Not everyone gets it.

If you have advanced knowledge and expertise in a certain field of study, or
even just a knack for it as a layman, you could be speaking Truth about it,
your every word advancing the field and breaking new ground, but you will
never be heard or understood by the majority. Every field of specialization
has this mass of rote practitioners, text-book bureaucrats who perceive it
only as it's taught, as it exists, and can not visualize it further than its
current state.

Let me repeat that again: for every field of art, science, work, study, etc.
the great majority of its practitioners can not see the future of their craft,
all their mind can conceive is how things are _NOW_. If they could see past
today, they would invent the future.

That's why if you're lucky enough to be "peerless"; when you're least
understood by everyone (and I don't mean in an emotional "kumbaya" sense, but
as in research) when your Idea has no google hits, when you can't find a
reference text, a conference, or a consortium addressing your questions ..
it's those times when you need to take a deep breath and ask yourself: Am I
batshit insane, stupid, or do I have a genuinely novel idea?

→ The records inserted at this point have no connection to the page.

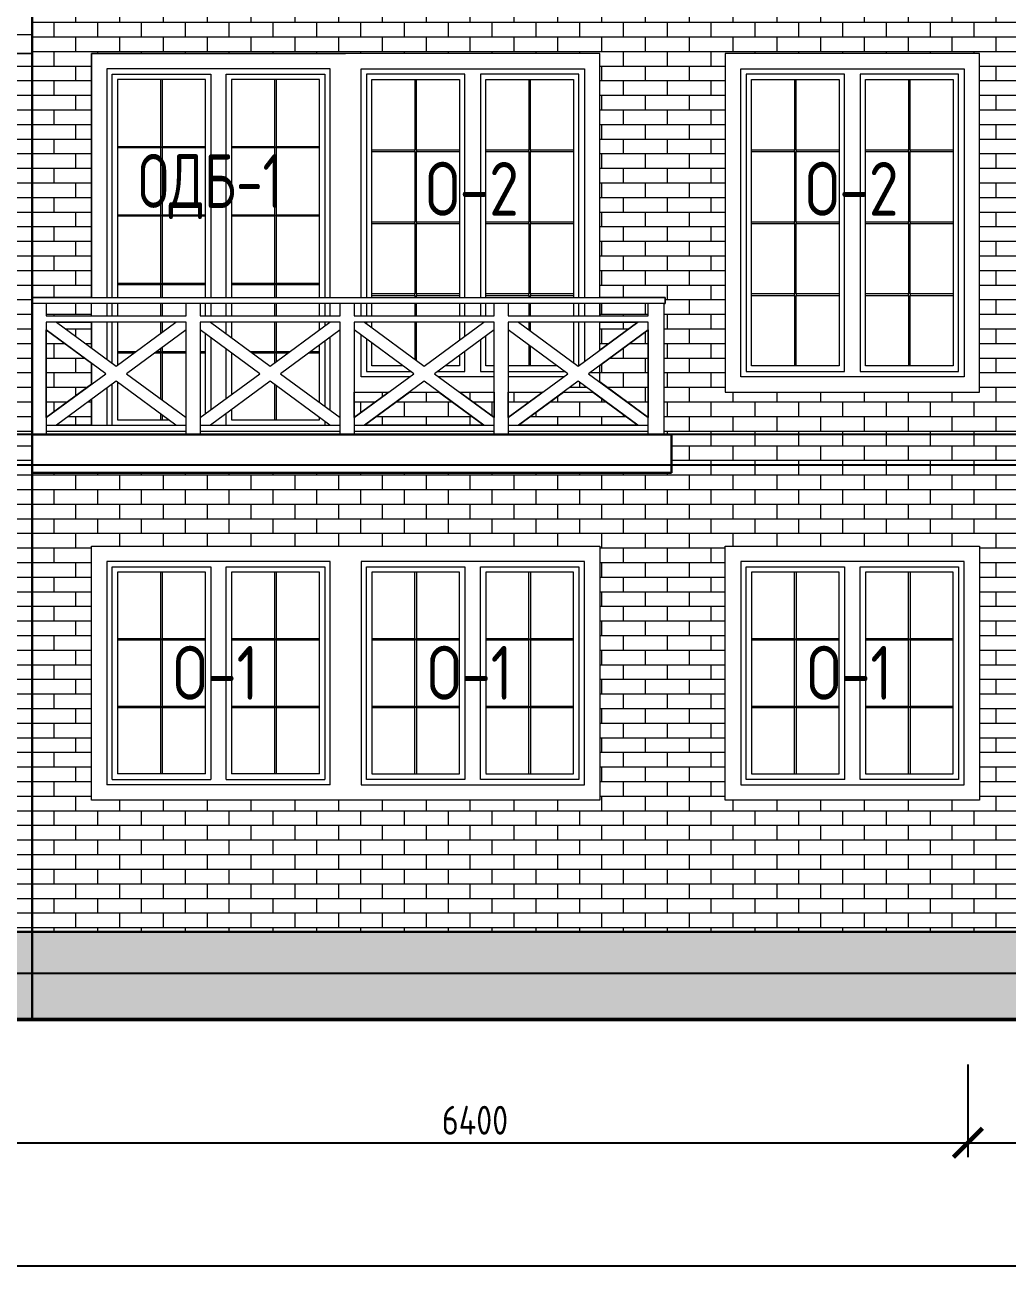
# Model space of a CAD drawing. Header units: millimetres. Extents: x -56498 to 234605, y -296269 to -29969.
# Drawn here: x 175763 to 182144, y -137920 to -129758 of the extents above; entities that cross this region are included whole.
import ezdxf
from ezdxf.enums import TextEntityAlignment as Align

# ---------------------------------------------------------------- set-up
doc = ezdxf.new("R2010")
doc.units = ezdxf.units.MM
doc.header["$LTSCALE"] = 100
doc.header["$PDMODE"] = 35
for name, color, linetype, lineweight in [('0.3', 7, 'Continuous', 30), ('0.5', 7, 'Continuous', 50), ('Примітки 0.09', 200, 'Continuous', 9), ('Розміри 0.09', 5, 'Continuous', 9), ('Тонкі 0.18', 142, 'Continuous', 18), ('Штрихування 0.09', 253, 'Continuous', 9)]:
    doc.layers.add(name, color=color, linetype=linetype, lineweight=lineweight)
doc.layers.add('ViewPorts', color=240, linetype='Continuous', plot=False)
doc.styles.add('GOST 2.304', font='CS_Gost2304.shx')
doc.styles.add('SPDS', font='SPDS.shx', dxfattribs={"width": 0.9})
doc.dimstyles.new('SPDS', dxfattribs={"dimscale": 100, "dimtxt": 2.5, "dimasz": 2.5, "dimexe": 1.25, "dimexo": 0.625, "dimtad": 1, "dimrnd": 0.001, "dimtxsty": 'GOST 2.304', "dimblk": 'ARCHTICK', "dimcen": 2.5, "dimdle": 2, "dimadec": 0, "dimazin": 2, "dimtfac": 0.75, "dimtmove": 1, "dimatfit": 3, "dimfxl": 0, "dimtolj": 1, "dimarcsym": 0})

# ---------------------------------------------------------------- blocks, each defined once
blk = doc.blocks.new('_ArchTick')
at = {"color": 0, "linetype": 'ByBlock', "const_width": 0.15}
blk.add_lwpolyline([(-0.5, -0.5), (0.5, 0.5)], dxfattribs=at)
blk = doc.blocks.new('*D16')
at = {"layer": 'Defpoints', "color": 0, "transparency": 16777216}
for p in [(181884.2, -136460.6), (175484.2, -136659.8), (181884.2, -137016.6)]:
    blk.add_point(p, dxfattribs=at)
at = {"layer": 'Розміри 0.09', "color": 0, "lineweight": -2, "transparency": 16777216}
for p, q in [((181884.2, -136507.5), (181884.2, -137110.3)), ((175484.2, -136706.7), (175484.2, -137110.3)), ((175334.2, -137016.6), (182034.2, -137016.6))]:
    blk.add_line(p, q, dxfattribs=at)
at = {"layer": 'Розміри 0.09', "color": 0, "lineweight": -2, "transparency": 16777216, "xscale": 187.5, "yscale": 187.5, "zscale": 187.5, "rotation": 180}
blk.add_blockref('_ArchTick', (175484.2, -137016.6), dxfattribs=at)
at = {"layer": 'Розміри 0.09', "color": 0, "lineweight": -2, "transparency": 16777216, "xscale": 187.5, "yscale": 187.5, "zscale": 187.5}
blk.add_blockref('_ArchTick', (181884.2, -137016.6), dxfattribs=at)
at = {"layer": 'Розміри 0.09', "color": 0, "transparency": 16777216, "insert": (178684.2, -136870.5), "char_height": 187.5, "attachment_point": 5, "style": 'GOST 2.304'}
blk.add_mtext('\\A1;6400', dxfattribs=at)
blk = doc.blocks.new('*D17')
at = {"layer": 'Defpoints', "color": 0, "transparency": 16777216}
for p in [(181884.2, -136460.6), (182984.2, -136651.9), (182984.2, -137016.6)]:
    blk.add_point(p, dxfattribs=at)
at = {"layer": 'Розміри 0.09', "color": 0, "lineweight": -2, "transparency": 16777216}
for p, q in [((181884.2, -136507.5), (181884.2, -137110.3)), ((182984.2, -136698.7), (182984.2, -137110.3)), ((181734.2, -137016.6), (183134.2, -137016.6))]:
    blk.add_line(p, q, dxfattribs=at)
at = {"layer": 'Розміри 0.09', "color": 0, "lineweight": -2, "transparency": 16777216, "xscale": 187.5, "yscale": 187.5, "zscale": 187.5, "rotation": 180}
blk.add_blockref('_ArchTick', (181884.2, -137016.6), dxfattribs=at)
at = {"layer": 'Розміри 0.09', "color": 0, "lineweight": -2, "transparency": 16777216, "xscale": 187.5, "yscale": 187.5, "zscale": 187.5}
blk.add_blockref('_ArchTick', (182984.2, -137016.6), dxfattribs=at)
at = {"layer": 'Розміри 0.09', "color": 0, "transparency": 16777216, "insert": (182434.2, -136876), "char_height": 187.5, "attachment_point": 5, "style": 'GOST 2.304'}
blk.add_mtext('\\A1;1100', dxfattribs=at)
blk = doc.blocks.new('*D18')
at = {"layer": 'Defpoints', "color": 0, "transparency": 16777216}
for p in [(161984.2, -137016.6), (182984.2, -137016.6), (182984.2, -137816.6)]:
    blk.add_point(p, dxfattribs=at)
at = {"layer": 'Розміри 0.09', "color": 0, "lineweight": -2, "transparency": 16777216}
for p, q in [((161984.2, -137063.5), (161984.2, -137910.3)), ((182984.2, -137063.5), (182984.2, -137910.3)), ((161834.2, -137816.6), (183134.2, -137816.6))]:
    blk.add_line(p, q, dxfattribs=at)
at = {"layer": 'Розміри 0.09', "color": 0, "lineweight": -2, "transparency": 16777216, "xscale": 187.5, "yscale": 187.5, "zscale": 187.5, "rotation": 180}
blk.add_blockref('_ArchTick', (161984.2, -137816.6), dxfattribs=at)
at = {"layer": 'Розміри 0.09', "color": 0, "lineweight": -2, "transparency": 16777216, "xscale": 187.5, "yscale": 187.5, "zscale": 187.5}
blk.add_blockref('_ArchTick', (182984.2, -137816.6), dxfattribs=at)
at = {"layer": 'Розміри 0.09', "color": 0, "transparency": 16777216, "insert": (171868.3, -137668.7), "char_height": 187.5, "attachment_point": 5, "style": 'GOST 2.304'}
blk.add_mtext('\\A1;21000', dxfattribs=at)

msp = doc.modelspace()

# ---------------------------------------------------------------- hatches: boundary and pattern name
at = {"layer": 'Тонкі 0.18'}
msp.add_hatch(color=256, dxfattribs=at).paths.add_polyline_path([(177104.07, -131887.248), (177104.67, -131887.623), (177104.07, -131887.623), (177104.07, -131887.248)], flags=0)
at = {"layer": 'Штрихування 0.09', "ltscale": 0.75}
h = msp.add_hatch(dxfattribs=at)
h.set_pattern_fill('AR-BRSTD', color=256, scale=1.4, style=0)
h.paths.add_polyline_path([(175689.124, -129001.829), (175364.445, -129366.652), (175689.124, -129731.4)])
h.paths.add_polyline_path([(175608.836, -128911.636), (174959.478, -128911.636), (175284.157, -129276.384)])
h.paths.add_polyline_path([(174879.115, -129001.829), (174879.115, -129731.4), (175203.794, -129366.652)])
h.paths.add_polyline_path([(175284.157, -129456.845), (174959.478, -129821.593), (175608.836, -129821.593)])
h.paths.add_polyline_path([(174759.133, -128911.636), (174029.111, -128911.636), (174029.111, -129821.593), (174759.133, -129821.593)])
h.paths.add_polyline_path([(173909.129, -128991.024), (173475.799, -129366.652), (173909.129, -129742.205)])
h.paths.add_polyline_path([(173384.18, -129446.04), (172950.775, -129821.593), (173817.511, -129821.593)])
h.paths.add_polyline_path([(172859.156, -128991.024), (172859.156, -129742.205), (173292.562, -129366.652)])
h.paths.add_polyline_path([(173817.511, -128911.636), (172950.775, -128911.636), (173384.18, -129287.189)])
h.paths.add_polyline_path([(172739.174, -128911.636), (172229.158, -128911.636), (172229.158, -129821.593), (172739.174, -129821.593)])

A good metric is when you have _few_ peers. The more prominent they're, and
noted for their smarts, the better. If you find yourself corresponding with
the primary sources of a new art, or science, or a new field of mathematics,
you know you're breaking new ground.

So, just because a bunch of people shoot your idea down doesn't necessarily
mean it's bad. It might be that you're talking _above_ the masses, and
addressing only a select few specialists, perhaps in a highly adapted "domain-
specific language" (the exact terminology might be different, specially if
you're a bright layman; but you mourn just the same, your shared agonizing
pain, and you're understood, at least for now, by just by a handful few.)

[I said this was gonna be meta]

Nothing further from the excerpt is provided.